I am having the BEST time with Julie Cloud Eakin’s “Beading Around Cabochons” book! I have been sans inspiration for so long that it’s great to feel the creative fire roaring again. I can’t say enough about this book – it’s taken my bead embroidery skills to a whole new level in less than a week. I find her cab beading technique to be far superior to the technique I had been using previously. By not using peyote stitch for the bezel, you get a much cleaner, more tailored design and the beauty of the cab takes center stage.
OOOOHHHH…and I just realized I can adapt these new techniques to my cuff bracelets!
It’s also been great to expand my edging technique repertoire. Previously, I had always used a picot stitch and been pretty happy with it, but Eakin’s book opens up a whole new world of edging and embellishment possibilities. The fabulous array of photos is a big help, too.

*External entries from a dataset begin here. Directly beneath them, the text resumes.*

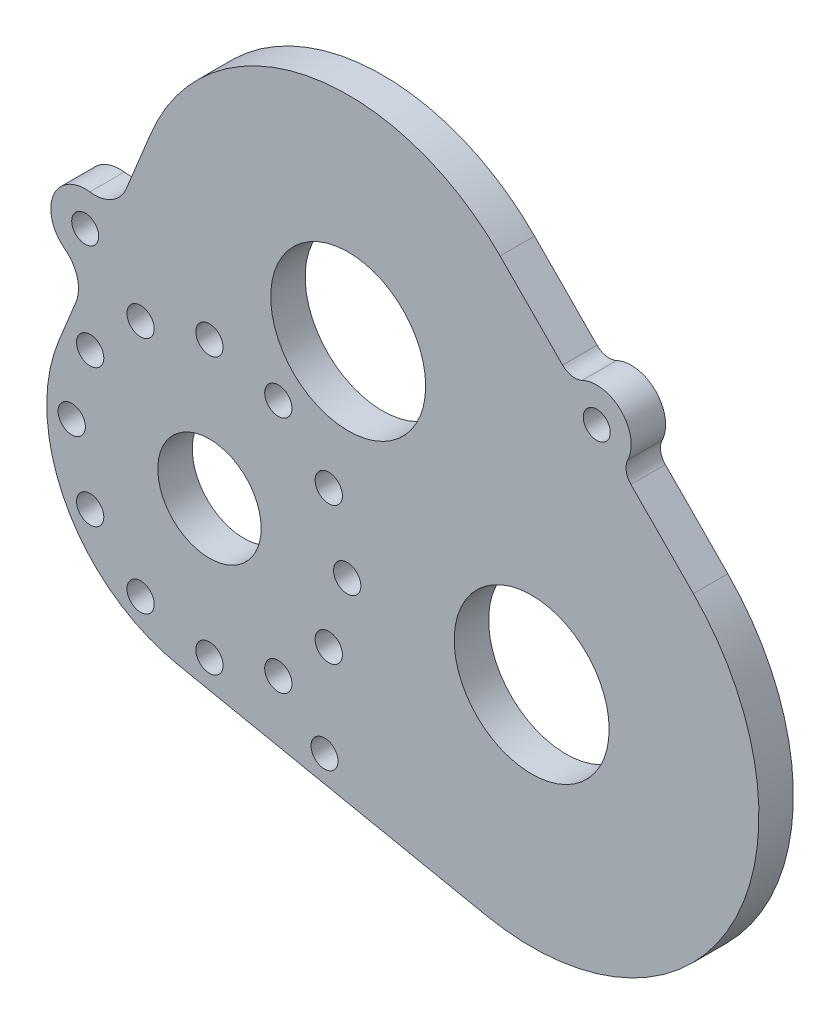
ISO-10303-21;
HEADER;
FILE_DESCRIPTION(('STEP AP214'),'2;1');
FILE_NAME('part.step','',(''),(''),'','','');
FILE_SCHEMA(('AUTOMOTIVE_DESIGN { 1 0 10303 214 1 1 1 1 }'));
ENDSEC;
DATA;
#1=APPLICATION_CONTEXT('core data for automotive mechanical design processes');
#2=APPLICATION_PROTOCOL_DEFINITION('international standard','automotive_design',2000,#1);
#3=PRODUCT_CONTEXT('',#1,'mechanical');
#4=PRODUCT('Part','Part','',(#3));
#5=PRODUCT_RELATED_PRODUCT_CATEGORY('part','',(#4));
#6=PRODUCT_DEFINITION_FORMATION('','',#4);
#7=PRODUCT_DEFINITION_CONTEXT('part definition',#1,'design');
#8=PRODUCT_DEFINITION('design','',#6,#7);
#9=PRODUCT_DEFINITION_SHAPE('','',#8);
#10=(LENGTH_UNIT() NAMED_UNIT(*) SI_UNIT(.MILLI.,.METRE.));
#11=(NAMED_UNIT(*) PLANE_ANGLE_UNIT() SI_UNIT($,.RADIAN.));
#12=(NAMED_UNIT(*) SI_UNIT($,.STERADIAN.) SOLID_ANGLE_UNIT());
#13=UNCERTAINTY_MEASURE_WITH_UNIT(LENGTH_MEASURE(1.E-05),#10,'distance_accuracy_value','');
#14=(GEOMETRIC_REPRESENTATION_CONTEXT(3) GLOBAL_UNCERTAINTY_ASSIGNED_CONTEXT((#13)) GLOBAL_UNIT_ASSIGNED_CONTEXT((#10,
#11,#12)) REPRESENTATION_CONTEXT('',''));
#15=CARTESIAN_POINT('',(0.,0.,0.));
#16=DIRECTION('',(0.,0.,1.));
#17=DIRECTION('',(1.,0.,0.));
#18=AXIS2_PLACEMENT_3D('',#15,#16,#17);
#19=CARTESIAN_POINT('',(-103.933485855139,112.712500000049,6.35));
#20=DIRECTION('',(0.,0.,1.));
#21=DIRECTION('',(1.,0.,0.));
#22=AXIS2_PLACEMENT_3D('',#19,#20,#21);
#23=PLANE('',#22);
#24=CARTESIAN_POINT('',(-116.633485855139,134.709545256174,6.35));
#25=DIRECTION('',(0.,0.,1.));
#26=DIRECTION('',(1.,0.,0.));
#27=AXIS2_PLACEMENT_3D('',#24,#25,#26);
#28=CIRCLE('',#27,2.51459999999995);
#29=CARTESIAN_POINT('',(-114.118885855139,134.709545256174,6.35));
#30=VERTEX_POINT('',#29);
#31=EDGE_CURVE('E377',#30,#30,#28,.T.);
#32=ORIENTED_EDGE('',*,*,#31,.F.);
#33=EDGE_LOOP('',(#32));
#34=FACE_BOUND('',#33,.T.);
#35=CARTESIAN_POINT('',(-91.2334858551395,134.709545256174,6.35));
#36=DIRECTION('',(0.,0.,1.));
#37=DIRECTION('',(1.,0.,0.));
#38=AXIS2_PLACEMENT_3D('',#35,#36,#37);
#39=CIRCLE('',#38,2.5146);
#40=CARTESIAN_POINT('',(-88.7188858551395,134.709545256174,6.35));
#41=VERTEX_POINT('',#40);
#42=EDGE_CURVE('E389',#41,#41,#39,.T.);
#43=ORIENTED_EDGE('',*,*,#42,.F.);
#44=EDGE_LOOP('',(#43));
#45=FACE_BOUND('',#44,.T.);
#46=CARTESIAN_POINT('',(-81.9364405990149,100.012500000049,6.35));
#47=DIRECTION('',(0.,0.,1.));
#48=DIRECTION('',(1.,0.,0.));
#49=AXIS2_PLACEMENT_3D('',#46,#47,#48);
#50=CIRCLE('',#49,2.51459999999999);
#51=CARTESIAN_POINT('',(-79.4218405990149,100.012500000049,6.35));
#52=VERTEX_POINT('',#51);
#53=EDGE_CURVE('E401',#52,#52,#50,.T.);
#54=ORIENTED_EDGE('',*,*,#53,.F.);
#55=EDGE_LOOP('',(#54));
#56=FACE_BOUND('',#55,.T.);
#57=CARTESIAN_POINT('',(-116.63348585514,90.7154547439244,6.35));
#58=DIRECTION('',(0.,0.,1.));
#59=DIRECTION('',(1.,0.,0.));
#60=AXIS2_PLACEMENT_3D('',#57,#58,#59);
#61=CIRCLE('',#60,2.51460000000001);
#62=CARTESIAN_POINT('',(-114.11888585514,90.7154547439244,6.35));
#63=VERTEX_POINT('',#62);
#64=EDGE_CURVE('E413',#63,#63,#61,.T.);
#65=ORIENTED_EDGE('',*,*,#64,.F.);
#66=EDGE_LOOP('',(#65));
#67=FACE_BOUND('',#66,.T.);
#68=CARTESIAN_POINT('',(-129.333485855139,112.712500000049,6.35));
#69=DIRECTION('',(0.,0.,1.));
#70=DIRECTION('',(1.,0.,0.));
#71=AXIS2_PLACEMENT_3D('',#68,#69,#70);
#72=CIRCLE('',#71,2.51460000000001);
#73=CARTESIAN_POINT('',(-126.818885855139,112.712500000049,6.35));
#74=VERTEX_POINT('',#73);
#75=EDGE_CURVE('E425',#74,#74,#72,.T.);
#76=ORIENTED_EDGE('',*,*,#75,.F.);
#77=EDGE_LOOP('',(#76));
#78=FACE_BOUND('',#77,.T.);
#79=CARTESIAN_POINT('',(-78.5334858551395,112.712500000049,6.35));
#80=DIRECTION('',(0.,0.,1.));
#81=DIRECTION('',(1.,0.,0.));
#82=AXIS2_PLACEMENT_3D('',#79,#80,#81);
#83=CIRCLE('',#82,2.51460000000001);
#84=CARTESIAN_POINT('',(-76.0188858551395,112.712500000049,6.35));
#85=VERTEX_POINT('',#84);
#86=EDGE_CURVE('E437',#85,#85,#83,.T.);
#87=ORIENTED_EDGE('',*,*,#86,.F.);
#88=EDGE_LOOP('',(#87));
#89=FACE_BOUND('',#88,.T.);
#90=CARTESIAN_POINT('',(-32.5089058218242,160.208997143062,6.35));
#91=DIRECTION('',(0.,0.,1.));
#92=DIRECTION('',(1.,0.,0.));
#93=AXIS2_PLACEMENT_3D('',#90,#91,#92);
#94=CIRCLE('',#93,2.48920000000002);
#95=CARTESIAN_POINT('',(-30.0197058218242,160.208997143062,6.35));
#96=VERTEX_POINT('',#95);
#97=EDGE_CURVE('E449',#96,#96,#94,.T.);
#98=ORIENTED_EDGE('',*,*,#97,.F.);
#99=EDGE_LOOP('',(#98));
#100=FACE_BOUND('',#99,.T.);
#101=CARTESIAN_POINT('',(-126.845846883905,144.36719939503,6.35));
#102=DIRECTION('',(0.,0.,1.));
#103=DIRECTION('',(1.,0.,0.));
#104=AXIS2_PLACEMENT_3D('',#101,#102,#103);
#105=CIRCLE('',#104,2.48920000000002);
#106=CARTESIAN_POINT('',(-124.356646883905,144.36719939503,6.35));
#107=VERTEX_POINT('',#106);
#108=EDGE_CURVE('E461',#107,#107,#105,.T.);
#109=ORIENTED_EDGE('',*,*,#108,.F.);
#110=EDGE_LOOP('',(#109));
#111=FACE_BOUND('',#110,.T.);
#112=CARTESIAN_POINT('',(-82.7124173793798,82.6107533273538,6.35));
#113=DIRECTION('',(0.,0.,1.));
#114=DIRECTION('',(1.,0.,0.));
#115=AXIS2_PLACEMENT_3D('',#112,#113,#114);
#116=CIRCLE('',#115,2.4892);
#117=CARTESIAN_POINT('',(-80.2232173793798,82.6107533273538,6.35));
#118=VERTEX_POINT('',#117);
#119=EDGE_CURVE('E174',#118,#118,#116,.T.);
#120=ORIENTED_EDGE('',*,*,#119,.F.);
#121=EDGE_LOOP('',(#120));
#122=FACE_BOUND('',#121,.T.);
#123=CARTESIAN_POINT('',(-103.933485855139,112.712500000049,6.35));
#124=DIRECTION('',(0.,0.,1.));
#125=DIRECTION('',(1.,0.,0.));
#126=AXIS2_PLACEMENT_3D('',#123,#124,#125);
#127=CIRCLE('',#126,30.);
#128=CARTESIAN_POINT('',(-131.709228824364,124.048641429458,6.35));
#129=VERTEX_POINT('',#128);
#130=CARTESIAN_POINT('',(-109.946477939306,83.32127807588,6.35));
#131=VERTEX_POINT('',#130);
#132=EDGE_CURVE('E197',#129,#131,#127,.T.);
#133=ORIENTED_EDGE('',*,*,#132,.T.);
#134=DIRECTION('',(0.979707397472299,-0.200433069472219,0.));
#135=VECTOR('',#134,1.);
#136=CARTESIAN_POINT('',(-109.946477939306,83.32127807588,6.35));
#137=LINE('',#136,#135);
#138=CARTESIAN_POINT('',(-52.9123036215385,71.6529629719849,6.35));
#139=VERTEX_POINT('',#138);
#140=EDGE_CURVE('E115',#131,#139,#137,.T.);
#141=ORIENTED_EDGE('',*,*,#140,.T.);
#142=CARTESIAN_POINT('',(-44.5121536799577,112.712500000049,6.35));
#143=DIRECTION('',(0.,0.,1.));
#144=DIRECTION('',(1.,0.,0.));
#145=AXIS2_PLACEMENT_3D('',#142,#143,#144);
#146=CIRCLE('',#145,41.9099999999999);
#147=CARTESIAN_POINT('',(-14.6868741767921,142.155679219658,6.35));
#148=VERTEX_POINT('',#147);
#149=EDGE_CURVE('E230',#139,#148,#146,.T.);
#150=ORIENTED_EDGE('',*,*,#149,.T.);
#151=DIRECTION('',(-0.702533505597935,0.711650668173842,0.));
#152=VECTOR('',#151,1.);
#153=CARTESIAN_POINT('',(-26.1999750079222,153.818191874131,6.35));
#154=LINE('',#153,#152);
#155=CARTESIAN_POINT('',(-26.1999750079222,153.818191874131,6.35));
#156=VERTEX_POINT('',#155);
#157=EDGE_CURVE('E249',#148,#156,#154,.T.);
#158=ORIENTED_EDGE('',*,*,#157,.T.);
#159=CARTESIAN_POINT('',(-23.9404841364703,156.048735754404,6.35));
#160=DIRECTION('',(0.,0.,-1.));
#161=DIRECTION('',(1.,0.,0.));
#162=AXIS2_PLACEMENT_3D('',#159,#160,#161);
#163=CIRCLE('',#162,3.17500000000002);
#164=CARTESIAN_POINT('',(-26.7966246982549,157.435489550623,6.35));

To help get the “fire” lit, I also picked up Sandra Wallace’s "The Beader's Color Mixing Directory." I don’t have any formal art training (unless you count that time I failed 7th grade art class and my parents made me drop it so it wouldn’t ruin my GPA any more) and so my knowledge of color theory is pretty much limited to “blue and yellow make green.” Even the kid has passed that stage in pre-school. I want to become more sophisticated in creating my color schemes as well as have the ability to branch out from my “safety” zone of cool, ocean-based colors.
This book was a great place to start on my expanded color journey. Not only does Wallace do a great job explaining basic color theory, but the color “recipes” she provides are extremely helpful for someone like me who wants to be more adventurous with color choices, but isn’t sure where to start. I’m using her “Rose Garden” recipe for my second pair of beaded cab earrings.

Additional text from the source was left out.